Tate St Ives’ cliffside gallery is set to reopen this week after a bumper £20m expansion that has doubled its exhibition space.
Jamie Fobert Architects designed the new wing, which has been sunk into the cliff alongside the original Tate St Ives building, adding 600 sq m of galleries.
‘The coastal setting and vernacular of St Ives have both influenced my approach to this work,’ says practice principal Jamie Fobert. ‘Our focus was to create as large a gallery volume as the site would allow. Entirely excavated into the hillside, the new gallery extends, in a continuous journey, the existing gallery sequence.’
The volume has been clad in hand-made ceramic tiles, which have a blue-green glaze to reflect Tate St Ives’ seaside setting. Its roof meanwhile has been turned into a public garden space, dotted with skylights that funnel light into the galleries below.
Adds Fobert: ‘Six large light chambers capture St Ives’ particular light.’

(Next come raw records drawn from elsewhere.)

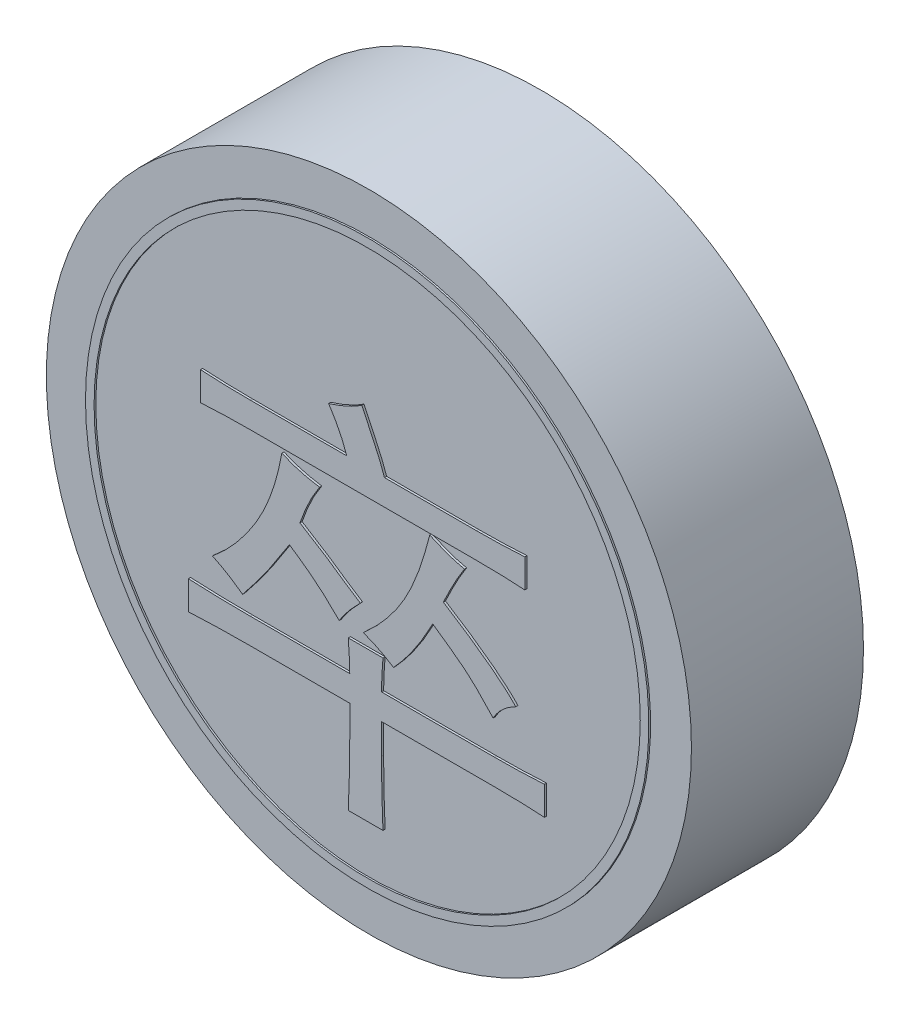
from build123d import *

# Parameters (mm, degrees)
SKETCH_1_R               = 15
DIAMETER30_HEIGHT8_DEPTH = 8
CHARACTER_DEPTH          = 0.1
SKETCH_3_R               = 13.1
SKETCH_3_R_2             = 12.7
INK_RING_DEPTH           = 0.08


with BuildPart() as part:
    # 草图1 → Diameter30_Height8 (new body)
    with BuildSketch(Plane.XY):
        Circle(SKETCH_1_R)
    extrude(amount=-DIAMETER30_HEIGHT8_DEPTH)

    # 草图2 → Character_卒 (add)
    with BuildSketch(Plane.XY):
        with BuildLine():
            add(Edge.make_bspline(
                [(-0.789473684, -4.850877193), (-0.790801429, -4.759897806), (-0.793710801, -4.56054267), (-0.807970927, -4.235644823), (-0.827994939, -3.858637974), (-0.848649707, -3.590279221), (-0.859649123, -3.447368421)],
                knots=[0, 0, 0, 0, 0.776803547, 1.702141345, 2.77630666, 4, 4, 4, 4], degree=3))
            Line((-0.859649123, -3.447368421), (0.754385965, -3.447368421))
            add(Edge.make_bspline(
                [(0.754385965, -3.447368421), (0.743322045, -3.581608953), (0.722136363, -3.838658655), (0.702337175, -4.207039208), (0.688146654, -4.540612928), (0.685474648, -4.751233078), (0.684210526, -4.850877193)],
                knots=[0, 0, 0, 0, 1.149871826, 2.201825379, 3.14928596, 4, 4, 4, 4], degree=3))
            Line((0.684210526, -4.850877193), (5.947368421, -4.850877193))
            add(Edge.make_bspline(
                [(5.947368421, -4.850877193), (6.153571591, -4.849759117), (6.557354449, -4.847569722), (7.149120938, -4.833995367), (7.715061172, -4.814883935), (8.082995961, -4.791937596), (8.263157895, -4.780701754)],
                knots=[0, 0, 0, 0, 1.067833177, 2.091009239, 3.065248851, 4, 4, 4, 4], degree=3))
            Line((8.263157895, -4.780701754), (8.263157895, -6.114035088))
            add(Edge.make_bspline(
                [(8.263157895, -6.114035088), (8.084728409, -6.102816563), (7.722852753, -6.080064096), (7.169915527, -6.060827798), (6.599807697, -6.04723991), (6.213350691, -6.044996382), (6.01754386, -6.043859649)],
                knots=[0, 0, 0, 0, 0.954695298, 1.936232608, 2.954347453, 4, 4, 4, 4], degree=3))
            Line((6.01754386, -6.043859649), (0.684210526, -6.043859649))
            Line((0.684210526, -6.043859649), (0.684210526, -7.447368421))
            add(Edge.make_bspline(
                [(0.684210526, -7.447368421), (0.685397037, -7.683891967), (0.687800644, -8.163035928), (0.701667727, -8.890804431), (0.721199551, -9.636859607), (0.743233706, -10.140053014), (0.754385965, -10.394736842)],
                knots=[0, 0, 0, 0, 0.962642255, 1.950098551, 2.962472993, 4, 4, 4, 4], degree=3))
            Line((0.754385965, -10.394736842), (-0.859649123, -10.394736842))
            add(Edge.make_bspline(
                [(-0.859649123, -10.394736842), (-0.848496864, -10.140053014), (-0.826462709, -9.636859607), (-0.806930884, -8.890804431), (-0.793063802, -8.163035928), (-0.790660195, -7.683891967), (-0.789473684, -7.447368421)],
                knots=[0, 0, 0, 0, 1.037527007, 2.049901449, 3.037357745, 4, 4, 4, 4], degree=3))
            Line((-0.789473684, -7.447368421), (-0.789473684, -6.043859649))
            Line((-0.789473684, -6.043859649), (-5.421052632, -6.043859649))
            add(Edge.make_bspline(
                [(-5.421052632, -6.043859649), (-5.682701779, -6.044953947), (-6.191304061, -6.047081081), (-6.932940468, -6.060737801), (-7.630551811, -6.079416677), (-8.08082403, -6.102762271), (-8.298245614, -6.114035088)],
                knots=[0, 0, 0, 0, 1.090812078, 2.120356657, 3.092382303, 4, 4, 4, 4], degree=3))
            Line((-8.298245614, -6.114035088), (-8.298245614, -4.780701754))
            add(Edge.make_bspline(
                [(-8.298245614, -4.780701754), (-8.08082403, -4.791974571), (-7.630551811, -4.815320165), (-6.932940468, -4.833999041), (-6.191304061, -4.847655761), (-5.682701779, -4.849782895), (-5.421052632, -4.850877193)],
                knots=[0, 0, 0, 0, 0.907617697, 1.879643343, 2.909187922, 4, 4, 4, 4], degree=3))
            Line((-5.421052632, -4.850877193), (-0.789473684, -4.850877193))
        make_face()
        with BuildLine():
            add(Edge.make_bspline(
                [(-0.228070175, 6.236842105), (-0.156109894, 6.086120817), (-0.019362397, 5.799702277), (0.174042946, 5.392534756), (0.339217718, 5.027307778), (0.485673111, 4.708835423), (0.607257942, 4.433181617), (0.697833971, 4.199102721), (0.775068508, 4.01240031), (0.809623929, 3.899626563), (0.824561404, 3.850877193)],
                knots=[0, 0, 0, 0, 1.536129931, 2.919137034, 4.145724164, 5.222612619, 6.143346331, 6.915728762, 7.531295706, 8, 8, 8, 8], degree=3))
            Line((0.824561404, 3.850877193), (5.105263158, 3.850877193))
            add(Edge.make_bspline(
                [(5.105263158, 3.850877193), (5.479619966, 3.854131443), (6.228685366, 3.860643001), (6.976696154, 3.900909785), (7.350877193, 3.921052632)],
                knots=[0, 0, 0, 0, 0.999530368, 2, 2, 2, 2], degree=3))
            Line((7.350877193, 3.921052632), (7.350877193, 2.587719298))
            add(Edge.make_bspline(
                [(7.350877193, 2.587719298), (7.172447708, 2.598937823), (6.810572051, 2.62169029), (6.257634825, 2.640926588), (5.687526995, 2.654514476), (5.301069989, 2.656758004), (5.105263158, 2.657894737)],
                knots=[0, 0, 0, 0, 0.954695298, 1.936232608, 2.954347453, 4, 4, 4, 4], degree=3))
            Line((5.105263158, 2.657894737), (-5.421052632, 2.657894737))
            add(Edge.make_bspline(
                [(-5.421052632, 2.657894737), (-5.812739886, 2.65481161), (-6.585197979, 2.648731285), (-7.356594534, 2.607864115), (-7.736842105, 2.587719298)],
                knots=[0, 0, 0, 0, 1.014132048, 2, 2, 2, 2], degree=3))
            Line((-7.736842105, 2.587719298), (-7.736842105, 3.921052632))
            add(Edge.make_bspline(
                [(-7.736842105, 3.921052632), (-7.356594534, 3.900907815), (-6.585197979, 3.860040645), (-5.812739886, 3.85396032), (-5.421052632, 3.850877193)],
                knots=[0, 0, 0, 0, 0.985867952, 2, 2, 2, 2], degree=3))
            Line((-5.421052632, 3.850877193), (-0.929824561, 3.850877193))
            add(Edge.make_bspline(
                [(-0.929824561, 3.850877193), (-0.980684131, 3.992024122), (-1.083871457, 4.278392539), (-1.278672781, 4.700093895), (-1.507170176, 5.121999254), (-1.682656017, 5.395799197), (-1.771929825, 5.535087719)],
                knots=[0, 0, 0, 0, 0.953125153, 1.933764644, 2.948857086, 4, 4, 4, 4], degree=3))
            add(Edge.make_bspline(
                [(-1.771929825, 5.535087719), (-1.62459993, 5.58202295), (-1.338428862, 5.673189138), (-0.936560558, 5.846379126), (-0.563050889, 6.023276607), (-0.337677387, 6.166962504), (-0.228070175, 6.236842105)],
                knots=[0, 0, 0, 0, 1.089780509, 2.116771012, 3.084118242, 4, 4, 4, 4], degree=3))
        make_face()
        with BuildLine():
            add(Edge.make_bspline(
                [(-7.175438596, -3.307017544), (-6.98048316, -3.1382579), (-6.588845128, -2.799243528), (-6.061608465, -2.221053989), (-5.568647742, -1.59964673), (-5.203410344, -1.036895342), (-4.931938508, -0.561218149), (-4.747044901, -0.182556888), (-4.574161763, 0.21271815), (-4.415558738, 0.624148149), (-4.275946384, 1.056025341), (-4.148412897, 1.502931906), (-4.039067969, 1.969000373), (-3.978302297, 2.285996), (-3.947368421, 2.447368421)],
                knots=[0, 0, 0, 0, 1.375491815, 2.763169447, 4.169597174, 5.606384173, 6.339559252, 7.092484169, 7.85468537, 8.642352472, 9.44533771, 10.276970463, 11.122860306, 12, 12, 12, 12], degree=3))
            add(Edge.make_bspline(
                [(-3.947368421, 2.447368421), (-3.814656433, 2.391803417), (-3.54492517, 2.278869996), (-3.118673203, 2.141123125), (-2.665766045, 2.031947853), (-2.352791689, 1.98176463), (-2.192982456, 1.956140351)],
                knots=[0, 0, 0, 0, 0.944361974, 1.919374057, 2.937602298, 4, 4, 4, 4], degree=3))
            add(Edge.make_bspline(
                [(-2.192982456, 1.956140351), (-2.284293234, 1.812685301), (-2.468653393, 1.523043743), (-2.709943098, 1.060656442), (-2.922722695, 0.571568579), (-3.043931186, 0.232814436), (-3.105263158, 0.061403509)],
                knots=[0, 0, 0, 0, 0.967322235, 1.953062777, 2.964241725, 4, 4, 4, 4], degree=3))
            add(Edge.make_bspline(
                [(-3.105263158, 0.061403509), (-3.020228191, 0.010504163), (-2.855762835, -0.087939797), (-2.619989225, -0.233850972), (-2.400530295, -0.369430286), (-2.198029978, -0.495811494), (-2.014389128, -0.615899211), (-1.846910459, -0.724242679), (-1.699279535, -0.826802965), (-1.516932472, -0.950576249), (-1.289766439, -1.115157015), (-0.98850906, -1.312321987), (-0.657510176, -1.535390238), (-0.421660264, -1.684915094), (-0.298245614, -1.763157895)],
                knots=[0, 0, 0, 0, 1.065426832, 2.060632332, 2.980788783, 3.838740189, 4.626696748, 5.339690255, 5.982964193, 6.559079281, 7.708973115, 8.998013454, 10.429131845, 12, 12, 12, 12], degree=3))
            add(Edge.make_bspline(
                [(-0.298245614, -1.763157895), (-0.398983324, -1.866099762), (-0.592943538, -2.064303858), (-0.855906896, -2.367663443), (-1.087553396, -2.659506482), (-1.217997872, -2.859840826), (-1.280701754, -2.956140351)],
                knots=[0, 0, 0, 0, 1.115835912, 2.148428553, 3.109960639, 4, 4, 4, 4], degree=3))
            add(Edge.make_bspline(
                [(-1.280701754, -2.956140351), (-1.392981851, -2.84575781), (-1.607095735, -2.635262495), (-1.916319833, -2.342034468), (-2.201826683, -2.090084909), (-2.555473971, -1.80068924), (-3.014548048, -1.456793306), (-3.396105984, -1.197551304), (-3.596491228, -1.061403509)],
                knots=[0, 0, 0, 0, 0.945286653, 1.802625772, 2.558111326, 3.230756287, 4.54565841, 6, 6, 6, 6], degree=3))
            add(Edge.make_bspline(
                [(-3.596491228, -1.061403509), (-3.677005016, -1.187063521), (-3.834269518, -1.432510416), (-4.066143699, -1.792254053), (-4.289014727, -2.134905351), (-4.512900431, -2.472857319), (-4.756501985, -2.828813939), (-5.048766257, -3.221941743), (-5.389492428, -3.670215688), (-5.639535127, -3.983331586), (-5.771929825, -4.149122807)],
                knots=[0, 0, 0, 0, 0.947604617, 1.85091985, 2.717562405, 3.542964283, 4.424922328, 5.455851291, 6.65290289, 8, 8, 8, 8], degree=3))
            add(Edge.make_bspline(
                [(-5.771929825, -4.149122807), (-5.896852759, -4.06059604), (-6.137481231, -3.890074424), (-6.496341391, -3.660207888), (-6.83908116, -3.466386711), (-7.06651396, -3.358627013), (-7.175438596, -3.307017544)],
                knots=[0, 0, 0, 0, 1.120543842, 2.158408734, 3.118004707, 4, 4, 4, 4], degree=3))
        make_face()
        with BuildLine():
            add(Edge.make_bspline(
                [(4.543859649, 2.026315789), (4.469975902, 1.910021666), (4.309750845, 1.657825028), (4.075909531, 1.234739939), (3.820958713, 0.743415704), (3.651325566, 0.389411189), (3.561403509, 0.201754386)],
                knots=[0, 0, 0, 0, 0.797117921, 1.728638155, 2.795957437, 4, 4, 4, 4], degree=3))
            add(Edge.make_bspline(
                [(3.561403509, 0.201754386), (3.758505993, 0.076814066), (4.138264217, -0.163908999), (4.680262127, -0.52293061), (5.173532329, -0.86614998), (5.620763562, -1.188726592), (6.016907487, -1.496709829), (6.366499894, -1.784851945), (6.669366457, -2.055358757), (6.846736443, -2.23868371), (6.929824561, -2.324561404)],
                knots=[0, 0, 0, 0, 1.327108154, 2.556945121, 3.696800934, 4.744383079, 5.692453866, 6.549752354, 7.320638453, 8, 8, 8, 8], degree=3))
            add(Edge.make_bspline(
                [(6.929824561, -2.324561404), (6.817447827, -2.385098573), (6.597967485, -2.503332287), (6.313249187, -2.738566552), (6.064388321, -3.001005035), (5.93967435, -3.204877821), (5.877192982, -3.307017544)],
                knots=[0, 0, 0, 0, 1.045766307, 2.042461452, 3.019278403, 4, 4, 4, 4], degree=3))
            add(Edge.make_bspline(
                [(5.877192982, -3.307017544), (5.765310551, -3.185014254), (5.552795255, -2.953274876), (5.23937661, -2.634952044), (4.958962948, -2.353416276), (4.728529418, -2.151752811), (4.547327904, -1.996466107), (4.39214823, -1.878488863), (4.220615611, -1.744830294), (4.029887052, -1.599967896), (3.817264655, -1.446541037), (3.586848176, -1.279791215), (3.334895023, -1.104029856), (3.160322937, -0.98336362), (3.070175439, -0.921052632)],
                knots=[0, 0, 0, 0, 1.612216372, 3.062327431, 4.351272069, 5.480958766, 6.043892015, 6.675219284, 7.379081896, 8.162202959, 9.007845852, 9.932916552, 10.93257619, 12, 12, 12, 12], degree=3))
            add(Edge.make_bspline(
                [(3.070175439, -0.921052632), (2.930514441, -1.180277916), (2.659259379, -1.68375542), (2.209696422, -2.385917946), (1.748001726, -3.02305322), (1.409856854, -3.403116152), (1.245614035, -3.587719298)],
                knots=[0, 0, 0, 0, 1.090056543, 2.117150532, 3.085467416, 4, 4, 4, 4], degree=3))
            add(Edge.make_bspline(
                [(1.245614035, -3.587719298), (1.138153716, -3.518750761), (0.922019744, -3.380034964), (0.578909927, -3.19530879), (0.218536354, -3.028855461), (-0.03166829, -2.933879569), (-0.157894737, -2.885964912)],
                knots=[0, 0, 0, 0, 0.973872776, 1.958741545, 2.970199756, 4, 4, 4, 4], degree=3))
            add(Edge.make_bspline(
                [(-0.157894737, -2.885964912), (0.033942517, -2.709635903), (0.410576218, -2.363449509), (0.915487717, -1.801476897), (1.360095455, -1.219507278), (1.684798143, -0.711523457), (1.912476358, -0.282934148), (2.080859113, 0.05825593), (2.236892028, 0.424811579), (2.391534722, 0.81230225), (2.536718133, 1.223418604), (2.673088755, 1.657482031), (2.80708242, 2.113797372), (2.888251647, 2.42720136), (2.929824561, 2.587719298)],
                knots=[0, 0, 0, 0, 1.46582543, 2.877852168, 4.245122148, 5.584316448, 6.264949613, 6.97585841, 7.724954112, 8.506361158, 9.323726205, 10.178041031, 11.066836706, 12, 12, 12, 12], degree=3))
            add(Edge.make_bspline(
                [(2.929824561, 2.587719298), (3.076473605, 2.522091404), (3.359300137, 2.395521813), (3.776621741, 2.237680667), (4.167581497, 2.112262132), (4.422129248, 2.054120441), (4.543859649, 2.026315789)],
                knots=[0, 0, 0, 0, 1.125667068, 2.170955253, 3.125310081, 4, 4, 4, 4], degree=3))
        make_face()
    extrude(amount=CHARACTER_DEPTH)

    # 草图3 → Ink_ring (add)
    with BuildSketch(Plane.XY):
        with Locations(Location((0, 0, 0), (0, 0, 180))):
            Circle(SKETCH_3_R)
        with Locations(Location((0, 0, 0), (0, 0, 180))):
            Circle(SKETCH_3_R_2, mode=Mode.SUBTRACT)
    extrude(amount=INK_RING_DEPTH)


solid = part.part

While the new wing will house changing exhibitions – kicking off with sculptor Rebecca Warren’s first major UK show – Tate St Ives’ original Evans and Shalev-designed building has also been given a spruce as part of the project.
The practice has returned to add a new public archive and a glazed studio on the building’s roof terrace, with sea views. Original galleries have also been refurbished, and will now be dedicated to 20th century art, including the works of St Ives’ resident artists Alfred Wallis, Ben Nicholson and Barbara Hepworth – whose home and studio you can visit nearby – on permanently display for the first time.
Says Tate St Ives’ executive director Mark Osterfield: ‘The new Tate St Ives unites the local with the international, the historic with the contemporary, in a venue which brings people together to create, learn and enjoy.’
Tate St Ives, which officially opens to the public on 14 October, will now be open year-round.